Malnutrition Has Disappeared
After majoring in literature at Japan’s Waseda University, 27-year-old Yukina Shinohara became head of marketing at a Tokyo company. She was interested in working overseas in community development and learned Spanish in the hope of going to Latin America.
When she eventually joined the volunteers (JOCV) she was sent to a country she had never heard of. When she subsequently read about its history she was horrified by its violent past.

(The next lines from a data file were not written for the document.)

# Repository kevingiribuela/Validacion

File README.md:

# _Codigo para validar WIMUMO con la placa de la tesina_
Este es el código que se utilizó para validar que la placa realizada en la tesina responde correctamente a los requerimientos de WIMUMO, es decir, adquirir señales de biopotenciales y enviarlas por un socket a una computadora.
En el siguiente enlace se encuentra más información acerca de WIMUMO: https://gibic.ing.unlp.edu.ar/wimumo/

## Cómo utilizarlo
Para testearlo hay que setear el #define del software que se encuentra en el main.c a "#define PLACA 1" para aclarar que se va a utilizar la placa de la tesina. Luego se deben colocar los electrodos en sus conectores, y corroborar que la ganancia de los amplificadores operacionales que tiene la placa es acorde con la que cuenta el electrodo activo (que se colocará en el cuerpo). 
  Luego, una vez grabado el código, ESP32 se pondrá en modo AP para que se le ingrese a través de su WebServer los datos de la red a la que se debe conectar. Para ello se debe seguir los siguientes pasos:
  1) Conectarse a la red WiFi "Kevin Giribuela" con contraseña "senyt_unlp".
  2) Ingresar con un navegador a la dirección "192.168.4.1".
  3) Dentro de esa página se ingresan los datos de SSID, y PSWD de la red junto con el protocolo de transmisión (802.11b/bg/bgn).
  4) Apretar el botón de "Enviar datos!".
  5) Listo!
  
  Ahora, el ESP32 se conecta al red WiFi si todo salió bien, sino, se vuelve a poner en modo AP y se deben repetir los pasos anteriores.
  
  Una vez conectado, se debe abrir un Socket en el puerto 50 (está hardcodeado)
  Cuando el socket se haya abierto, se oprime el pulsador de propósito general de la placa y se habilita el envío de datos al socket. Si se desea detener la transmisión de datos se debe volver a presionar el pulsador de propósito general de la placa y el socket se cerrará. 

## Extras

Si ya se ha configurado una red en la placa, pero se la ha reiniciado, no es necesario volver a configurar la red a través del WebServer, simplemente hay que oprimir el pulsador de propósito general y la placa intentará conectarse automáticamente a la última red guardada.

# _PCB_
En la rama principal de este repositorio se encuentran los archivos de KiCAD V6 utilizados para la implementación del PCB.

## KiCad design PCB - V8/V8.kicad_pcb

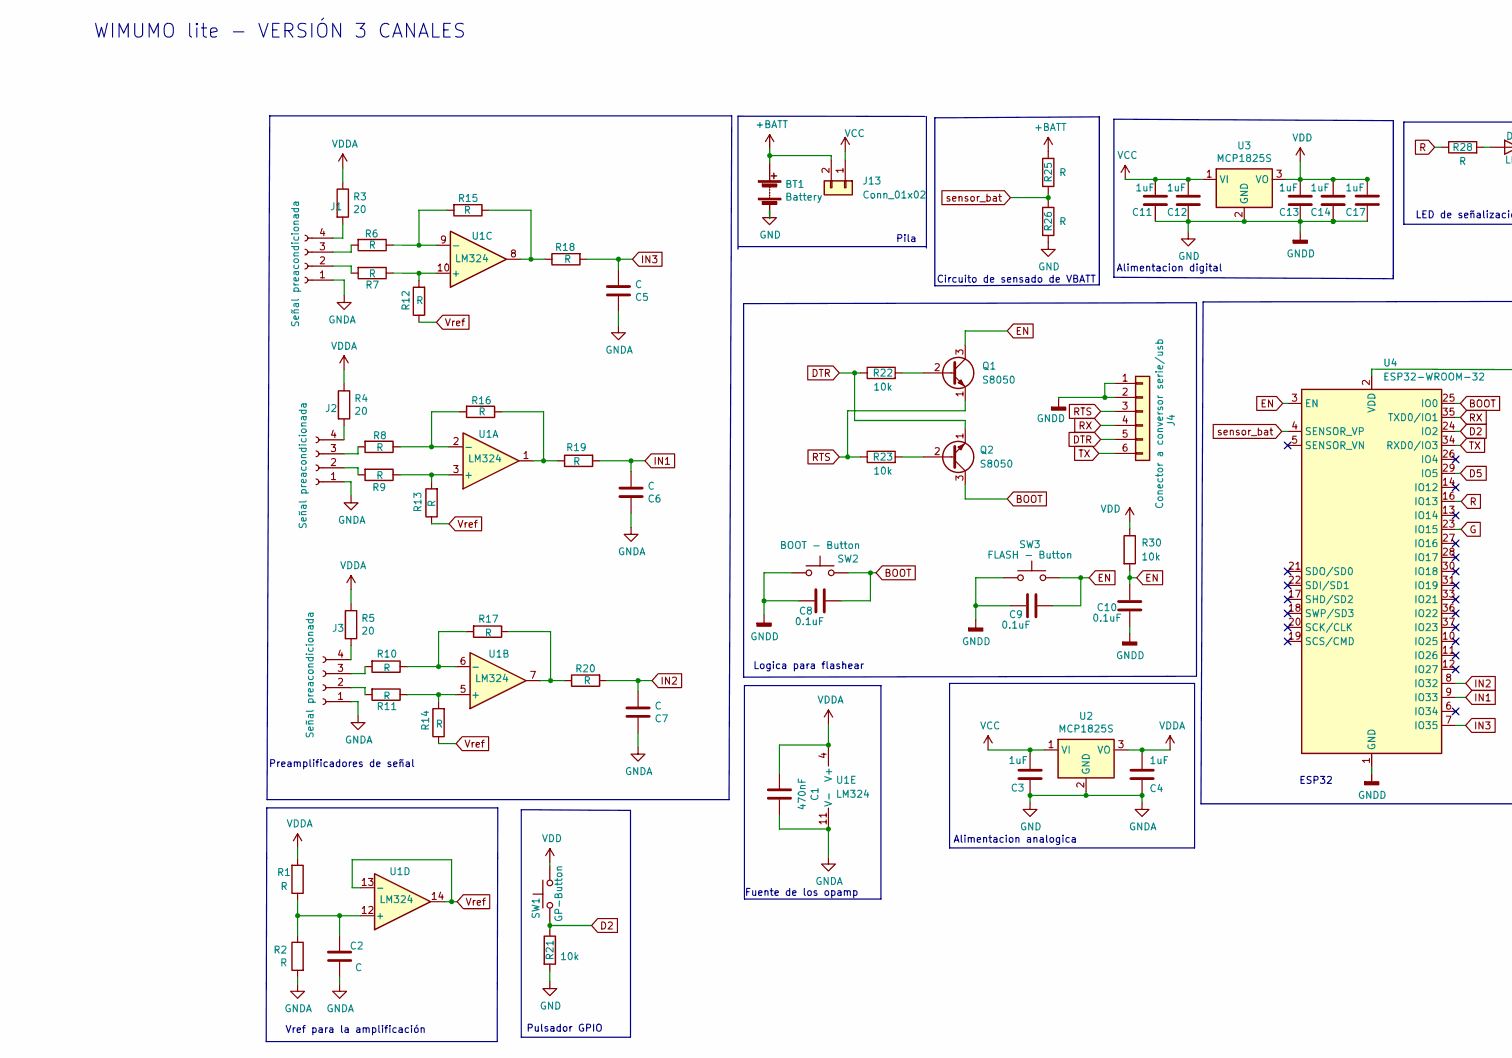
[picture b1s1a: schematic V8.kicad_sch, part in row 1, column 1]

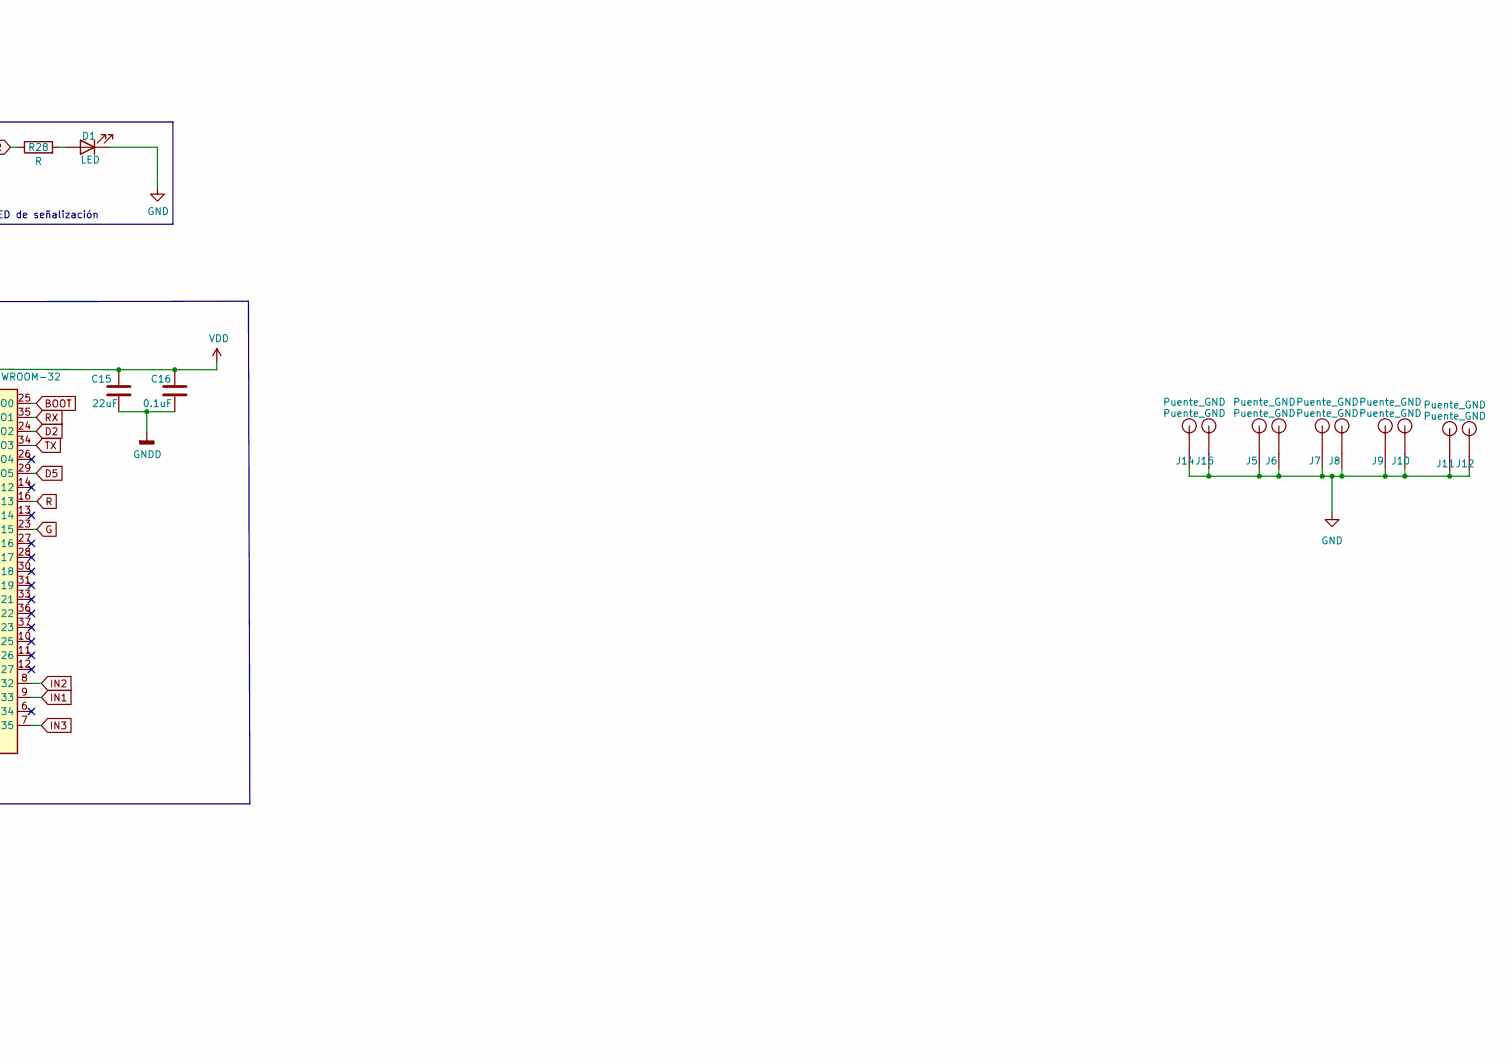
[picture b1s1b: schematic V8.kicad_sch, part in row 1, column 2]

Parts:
BT1: Battery; BatteryHolder_Keystone_2460_1xAA
C1: 470nF; C_0805_2012Metric
C2, C5, C6, C7: C; C_0805_2012Metric
C3, C4, C11, C12, C13, C14, C17: 1uF; C_0805_2012Metric
C8, C9, C10, C16: 0.1uF; C_0805_2012Metric
C15: 22uF; CP_EIA-3216-10_Kemet-I
D1: LED; LED_D3.0mm
J1, J2, J3: Señal preacondicionada; PinHeader_1x04_P2.54mm_Vertical
J4: Conector a conversor serie/usb; PinHeader_2x03_P2.54mm_Vertical
J5, J6, J7, J8, J9, J10, J11, J12, J14, J15: Puente_GND; PUENTE_GND
J13: Conn_01x02; PinHeader_1x02_P2.54mm_Vertical
Q1, Q2: S8050; SOT-23
R1, R2, R6, R7, R8, R9, R10, R11, R12, R13, R14, R15, R16, R17, R18, R19, R20, R25, R26, R28: R; R_0805_2012Metric
R3, R4, R5: 20; R_0805_2012Metric
R21, R22, R23, R30: 10k; R_0805_2012Metric
SW1: GP-Button; SW_PUSH_6mm
SW2: BOOT - Button; SW_PUSH_6mm
SW3: FLASH - Button; SW_PUSH_6mm
U1: LM324; SOIC-14_3.9x8.7mm_P1.27mm
U2, U3: MCP1825S; SOT-223-3_TabPin2
U4: ESP32-WROOM-32

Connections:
+BATT: BT1.1 (+), J13.2, R25.1
BOOT: C8.2, Q2.3 (C), SW2.2, U4.25 (IO0)
D2: R21.1, SW1.2, U4.24 (IO2)
D5: U4.29 (IO5)
DTR: J4.5, Q2.1 (E), R22.1
EN: C9.2, C10.2, Q1.3 (C), R30.2, SW3.2, U4.3 (EN)
G: U4.23 (IO15)
GND: BT1.2 (-), C1.1, C2.2, C3.2, C4.2, C5.1, C6.1, C7.1, C8.1, C9.1, C10.1, C11.2, C12.2, C13.2, C14.2, C15.1, C16.1, C17.2, D1.1 (K), J1.1, J2.1, J3.1, J4.1, J4.2, J5., J5.1, J6., J6.1, J7., J7.1, J8., J8.1, J9., J9.1, J10., J10.1, J11., J12., J12.1, J14., J14.1, J15., J15.1, R2.2, R21.2, R26.2, SW2.1, SW3.1, U1.11 (V-), U2.2 (GND), U3.2 (GND), U4.1 (GND), U4.15 (GND), U4.38 (GND), U4.39 (GND)
IN1: C6.2, R19.2, U4.9 (IO33)
IN2: C7.2, R20.2, U4.8 (IO32)
IN3: C5.2, R18.2, U4.7 (IO35)
unnamed: C2.1, R1.1, R2.1, U1.12 (+)
unnamed: D1.2 (A), R28.2
unnamed: J1.2, R7.2
unnamed: J1.3, R6.2
unnamed: J1.4, R3.2
unnamed: J2.2, R9.2
unnamed: J2.3, R8.2
unnamed: J2.4, R4.2
unnamed: J3.2, R11.2
unnamed: J3.3, R10.2
unnamed: J3.4, R5.2
unnamed: Q1.2 (B), R22.2
unnamed: Q2.2 (B), R23.2
unnamed: R10.1, R17.2, U1.6 (-)
unnamed: R11.1, R14.2, U1.5 (+)
unnamed: R7.1, R12.2, U1.10 (+)
unnamed: R9.1, R13.2, U1.3 (+)
unnamed: R15.1, R18.1, U1.8
unnamed: R6.1, R15.2, U1.9 (-)
unnamed: R16.1, R19.1, U1.1
unnamed: R8.1, R16.2, U1.2 (-)
unnamed: R17.1, R20.1, U1.7
R: R28.1, U4.16 (IO13)
RTS: J4.3, Q1.1 (E), R23.1
RX: J4.4, U4.35 (TXD0/IO1)
TX: J4.6, U4.34 (RXD0/IO3)
VCC: C3.1, C11.1, C12.1, J13.1, U2.1 (VI), U3.1 (VI)
VDD: C13.1, C14.1, C15.2, C16.2, C17.1, R30.1, SW1.1, U3.3 (VO), U4.2 (VDD)
VDDA: C1.2, C4.1, R1.2, R3.1, R4.1, R5.1, U1.4 (V+), U2.3 (VO)
Vref: R12.1, R13.1, R14.1, U1.13 (-), U1.14
sensor_bat: R25.2, R26.1, U4.4 (SENSOR_VP)

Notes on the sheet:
WIMUMO lite - VERSIÓN 3 CANALES
Pila
Alimentacion analogica
Pulsador GPIO
Fuente de los opamp
Vref para la amplificación
Logica para flashear
Circuito de sensado de VBATT
LED de señalización
Preamplificadores de señal
Alimentacion digital
ESP32

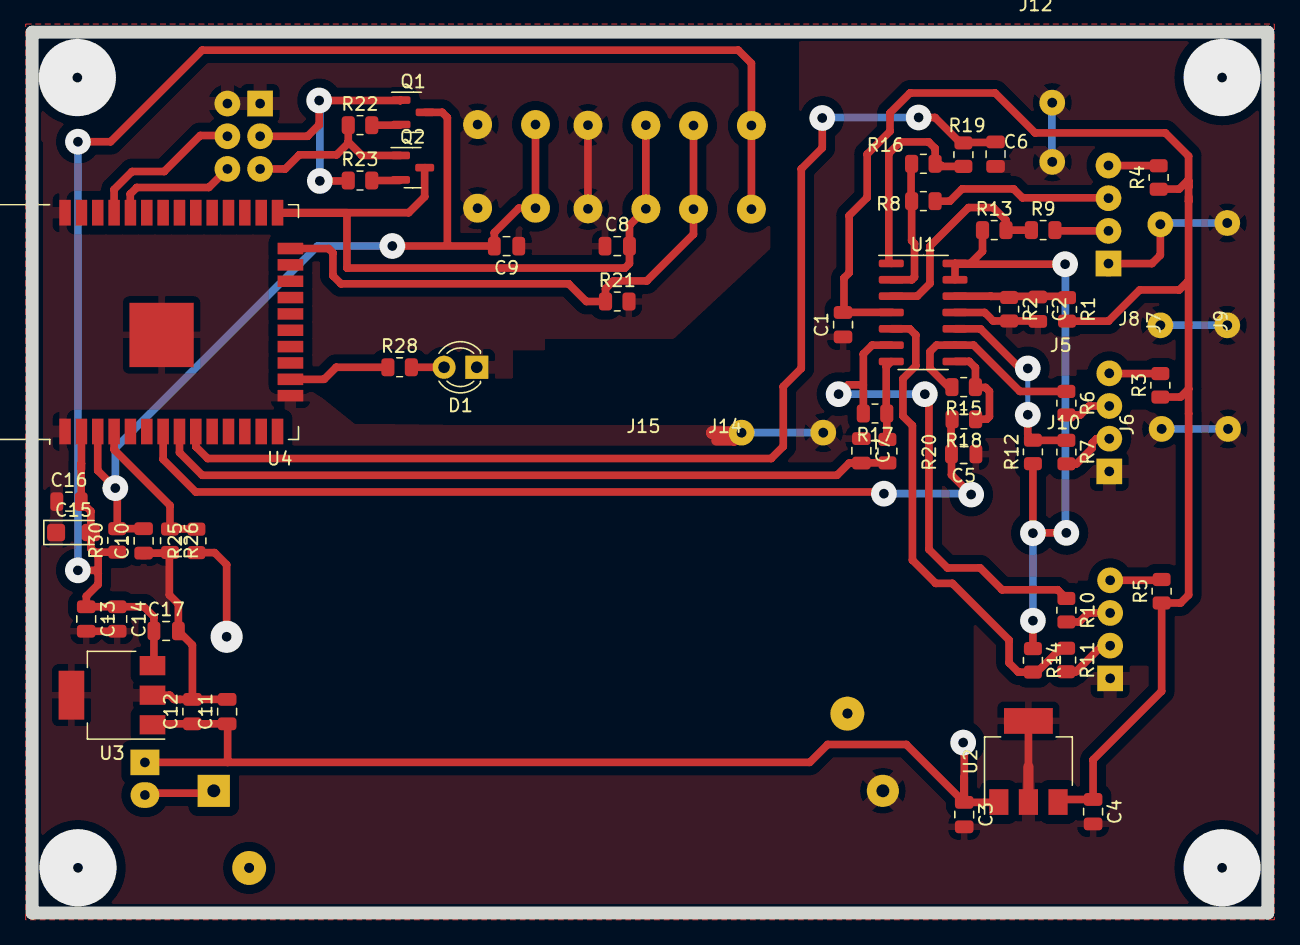
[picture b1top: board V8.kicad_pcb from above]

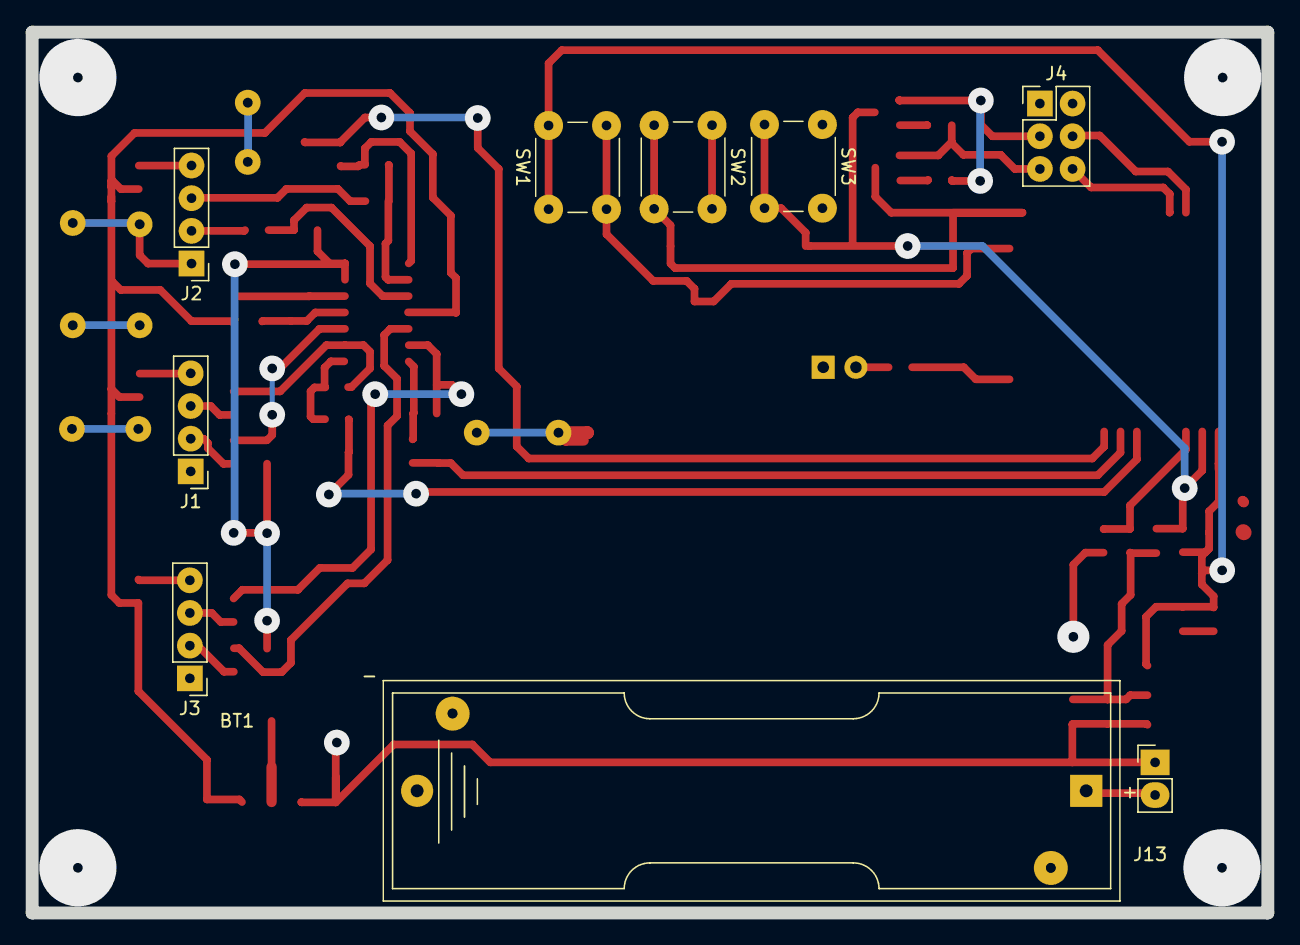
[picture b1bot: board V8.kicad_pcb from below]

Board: 2 copper layers, 96.0 x 68.4 mm, 70 parts (9 on the bottom side), 40 nets.

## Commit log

2022-10-28 Se añade el .html del webserver
    Contiene el código con dirección IP
2022-10-29 Se borra estado "enviar" para ganar velocidad

Today Yukina Shinohara lives alone and “walks everywhere at anytime” in a small Rwandan village where she is helping two predominantly women’s cooperatives (there are a few male members) to grow vegetables.
On a recent day Shinohara was helping the women to turn the rich soil of their plot near a spring. They are growing cabbages, carrots, peppers, sugar beet and onions.
Life is harsh in this area and originally the vegetables were mainly consumed by the women themselves, but now they have begun marketing them in surrounding communities.
Their plot is small and the results may appear modest, but according to one cooperative leader, Veneranda Uzamukunda, the individual impact has already been enormous.
She has five children, three girls and two boys, and said that until recently “there was malnutrition in many families. The malnutrition has now gone.”
She and the other cooperative members can also pay for better medical insurance for their families.
“Life is hard,” she said, “but it is getting better.”
Volunteer Yukina Shinohara helps local women grow vegetables and banish malnutrition.